Na prowadzone przez niego egzorcyzmy, modlitwy o uwolnienie od złego ducha i rekolekcje do kościoła w niewielkiej miejscowości koło Nałeczowa zjeżdzaja się ludzie z całej Polski. Ksiądz Pęzioł glosi też cieszące się ogromnym zainteresowaniem rekolekcje w innych parafiach. Najczęściej mówi w nich o współczesnych Polakach, o tym, że tracą wiarę, i o kryzysie polskich rodzin.

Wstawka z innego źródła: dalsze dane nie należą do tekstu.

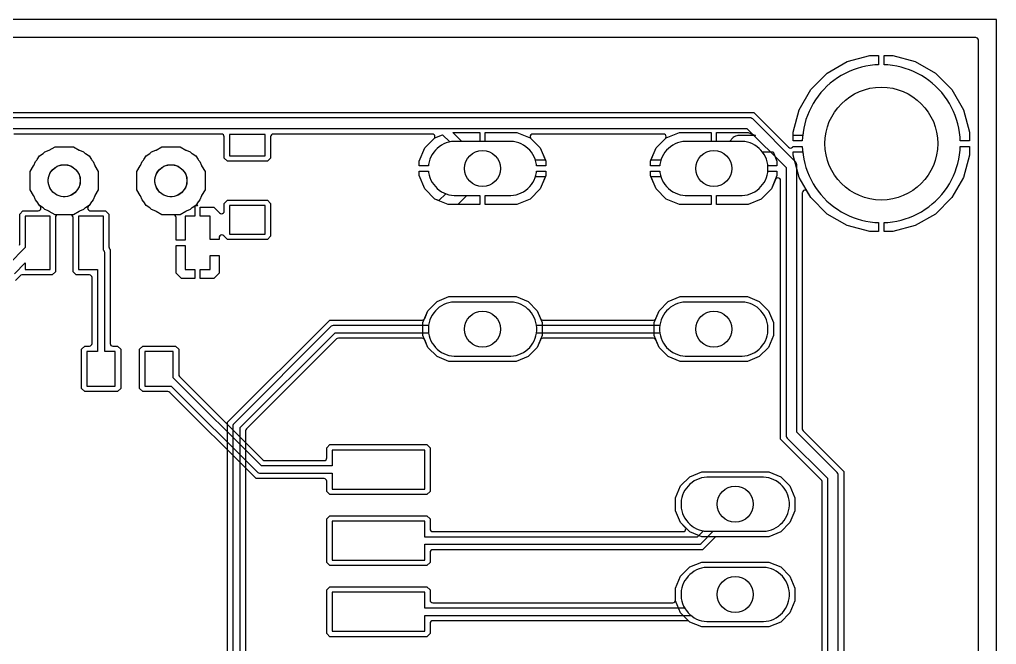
# Model space of a CAD drawing. Header units: millimetres. Extents: x 0 to 52.1, y 0 to 54.3.
# Drawn here: x 24.58 to 52.05, y 36.69 to 54.28 of the extents above; entities that cross this region are included whole.
import ezdxf

# ---------------------------------------------------------------- set-up
doc = ezdxf.new("R2010")
doc.units = ezdxf.units.MM

msp = doc.modelspace()

# ---------------------------------------------------------------- linework, layer by layer
at = {"layer": '16_copper'}
for points in [[(51.496, 0.514), (51.521, 0.531), (51.537, 0.557), (51.542, 0.584), (51.542, 53.696), (51.536, 53.726), (51.519, 53.751), (51.493, 53.767), (51.466, 53.772), (0.584, 53.772), (0.554, 53.766), (0.529, 53.749), (0.513, 53.723), (0.508, 53.696), (0.508, 0.584), (0.514, 0.554), (0.531, 0.529), (0.557, 0.513), (0.584, 0.508), (51.466, 0.508)], [(46.335, 51.016), (46.335, 51.114), (46.504, 51.743), (46.83, 52.308), (47.291, 52.769), (47.856, 53.095), (48.485, 53.264), (48.735, 53.264), (48.735, 53.009), (48.625, 53.003), (48.501, 52.989), (48.378, 52.968), (48.256, 52.94), (48.136, 52.906), (48.019, 52.865), (47.903, 52.817), (47.791, 52.763), (47.682, 52.703), (47.576, 52.636), (47.475, 52.564), (47.377, 52.486), (47.284, 52.403), (47.196, 52.315), (47.113, 52.222), (47.035, 52.124), (46.963, 52.023), (46.896, 51.917), (46.836, 51.808), (46.782, 51.696), (46.734, 51.58), (46.693, 51.463), (46.659, 51.343), (46.631, 51.221), (46.61, 51.098), (46.601, 51.016)], [(51.033, 50.864), (51.027, 50.974), (51.013, 51.098), (50.992, 51.221), (50.964, 51.343), (50.93, 51.463), (50.889, 51.58), (50.841, 51.696), (50.787, 51.808), (50.727, 51.917), (50.66, 52.023), (50.588, 52.124), (50.51, 52.222), (50.427, 52.315), (50.339, 52.403), (50.246, 52.486), (50.148, 52.564), (50.047, 52.636), (49.941, 52.703), (49.832, 52.763), (49.72, 52.817), (49.604, 52.865), (49.487, 52.906), (49.367, 52.94), (49.245, 52.968), (49.122, 52.989), (48.998, 53.003), (48.888, 53.009), (48.888, 53.264), (49.138, 53.264), (49.767, 53.095), (50.332, 52.769), (50.793, 52.308), (51.119, 51.743), (51.288, 51.114), (51.288, 50.864)], [(37.015, 50.851), (36.761, 51.105), (37.521, 51.105), (37.521, 50.851)], [(39.086, 50.318), (39.078, 50.346), (39.049, 50.415), (39.014, 50.481), (38.972, 50.543), (38.925, 50.601), (38.872, 50.654), (38.814, 50.702), (38.752, 50.743), (38.685, 50.779), (38.616, 50.807), (38.545, 50.829), (38.471, 50.844), (38.397, 50.851), (37.673, 50.851), (37.673, 51.105), (38.561, 51.105), (38.935, 50.95), (39.221, 50.665), (39.364, 50.318)], [(42.333, 50.318), (42.476, 50.665), (42.762, 50.95), (43.136, 51.105), (44.023, 51.105), (44.023, 50.851), (43.3, 50.851), (43.226, 50.844), (43.152, 50.829), (43.081, 50.807), (43.011, 50.779), (42.945, 50.743), (42.883, 50.702), (42.825, 50.654), (42.772, 50.601), (42.725, 50.543), (42.683, 50.481), (42.648, 50.415), (42.619, 50.346), (42.611, 50.318)], [(44.745, 51.01), (44.71, 50.999), (44.678, 50.983), (44.649, 50.962), (44.538, 50.851), (44.176, 50.851), (44.176, 51.105), (45.064, 51.105), (45.278, 51.016), (44.78, 51.016)], [(35.819, 50.165), (35.819, 50.291), (35.974, 50.665), (36.26, 50.95), (36.469, 51.037), (36.673, 50.834), (36.65, 50.829), (36.578, 50.807), (36.509, 50.779), (36.443, 50.743), (36.381, 50.702), (36.323, 50.654), (36.27, 50.601), (36.223, 50.543), (36.181, 50.481), (36.146, 50.415), (36.117, 50.346), (36.095, 50.274), (36.081, 50.201), (36.077, 50.165)], [(25.578, 48.786), (25.414, 48.881), (25.405, 48.885), (25.292, 48.932), (25.253, 48.971), (25.237, 48.983), (25.133, 49.043), (25.073, 49.147), (25.061, 49.163), (25.022, 49.202), (24.975, 49.315), (24.971, 49.324), (24.876, 49.488), (24.876, 50.001), (24.971, 50.164), (24.975, 50.173), (25.022, 50.287), (25.061, 50.325), (25.073, 50.341), (25.133, 50.446), (25.237, 50.506), (25.253, 50.518), (25.292, 50.556), (25.405, 50.603), (25.414, 50.608), (25.578, 50.702), (26.091, 50.702), (26.254, 50.608), (26.263, 50.603), (26.377, 50.556), (26.415, 50.518), (26.431, 50.506), (26.536, 50.446), (26.596, 50.341), (26.608, 50.325), (26.646, 50.287), (26.693, 50.173), (26.698, 50.164), (26.792, 50.001), (26.792, 49.488), (26.698, 49.324), (26.693, 49.315), (26.646, 49.202), (26.608, 49.163), (26.596, 49.147), (26.536, 49.043), (26.431, 48.983), (26.415, 48.971), (26.377, 48.932), (26.263, 48.885), (26.254, 48.881), (26.091, 48.786)], [(28.578, 48.786), (28.414, 48.881), (28.405, 48.885), (28.292, 48.932), (28.253, 48.971), (28.237, 48.983), (28.133, 49.043), (28.073, 49.147), (28.061, 49.163), (28.022, 49.202), (27.975, 49.315), (27.971, 49.324), (27.876, 49.488), (27.876, 50.001), (27.971, 50.164), (27.975, 50.173), (28.022, 50.287), (28.061, 50.325), (28.073, 50.341), (28.133, 50.446), (28.237, 50.506), (28.253, 50.518), (28.292, 50.556), (28.405, 50.603), (28.414, 50.608), (28.578, 50.702), (29.091, 50.702), (29.254, 50.608), (29.263, 50.603), (29.377, 50.556), (29.415, 50.518), (29.431, 50.506), (29.536, 50.446), (29.596, 50.341), (29.608, 50.325), (29.646, 50.287), (29.693, 50.173), (29.698, 50.164), (29.792, 50.001), (29.792, 49.488), (29.698, 49.324), (29.693, 49.315), (29.646, 49.202), (29.608, 49.163), (29.596, 49.147), (29.536, 49.043), (29.431, 48.983), (29.415, 48.971), (29.377, 48.932), (29.263, 48.885), (29.254, 48.881), (29.091, 48.786)], [(45.62, 50.165), (45.616, 50.201), (45.602, 50.274), (45.58, 50.346), (45.551, 50.415), (45.516, 50.481), (45.474, 50.543), (45.462, 50.559), (45.767, 50.559), (45.878, 50.291), (45.878, 50.165)], [(48.485, 48.311), (47.856, 48.48), (47.291, 48.806), (46.83, 49.267), (46.504, 49.832), (46.335, 50.461), (46.335, 50.559), (46.601, 50.559), (46.61, 50.477), (46.631, 50.354), (46.659, 50.232), (46.693, 50.112), (46.734, 49.995), (46.782, 49.879), (46.836, 49.767), (46.896, 49.658), (46.963, 49.552), (47.035, 49.451), (47.113, 49.353), (47.196, 49.26), (47.284, 49.172), (47.377, 49.089), (47.475, 49.011), (47.576, 48.939), (47.682, 48.872), (47.791, 48.812), (47.903, 48.758), (48.019, 48.71), (48.136, 48.669), (48.256, 48.635), (48.378, 48.607), (48.501, 48.586), (48.625, 48.572), (48.735, 48.566), (48.735, 48.311)], [(48.888, 48.311), (48.888, 48.566), (48.998, 48.572), (49.122, 48.586), (49.245, 48.607), (49.367, 48.635), (49.487, 48.669), (49.604, 48.71), (49.72, 48.758), (49.832, 48.812), (49.941, 48.872), (50.047, 48.939), (50.148, 49.011), (50.246, 49.089), (50.339, 49.172), (50.427, 49.26), (50.51, 49.353), (50.588, 49.451), (50.66, 49.552), (50.727, 49.658), (50.787, 49.767), (50.841, 49.879), (50.889, 49.995), (50.93, 50.112), (50.964, 50.232), (50.992, 50.354), (51.013, 50.477), (51.027, 50.601), (51.033, 50.711), (51.288, 50.711), (51.288, 50.461), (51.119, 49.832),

Postać księdza i jego dzieło tygodnik opisał w obszernym reportażu. Kończy się on intrygującą puenta. Ks. Pęzioł przyznał się dziennikarzowi, ze ostatnio ma "dziwne myśli, jakby coś miało się stać". Zastrzegł, że nie jest prorokiem i nie chce nim być. Ale dodał, że przeczuwa jakieś wydarzenie ważne dla Polski i Polaków. - Mam w głowie konkretny dzień - mówi - Matki Boskiej Zielnej. 15 sierpnia. Prawdopodobnie jakiś znak. Nic złego się wtedy nie stanie. Będziemy się musieli tylko wobec tego znaku określić. Czekam na ten dzień, nie wiedząc co będzie. A może mi się tylko zdaje. Poczekam. Zobaczę - kończy ks. Pęzioł.
MaH, Newsweek
Podobał Ci się artykuł? Wesprzyj Frondę »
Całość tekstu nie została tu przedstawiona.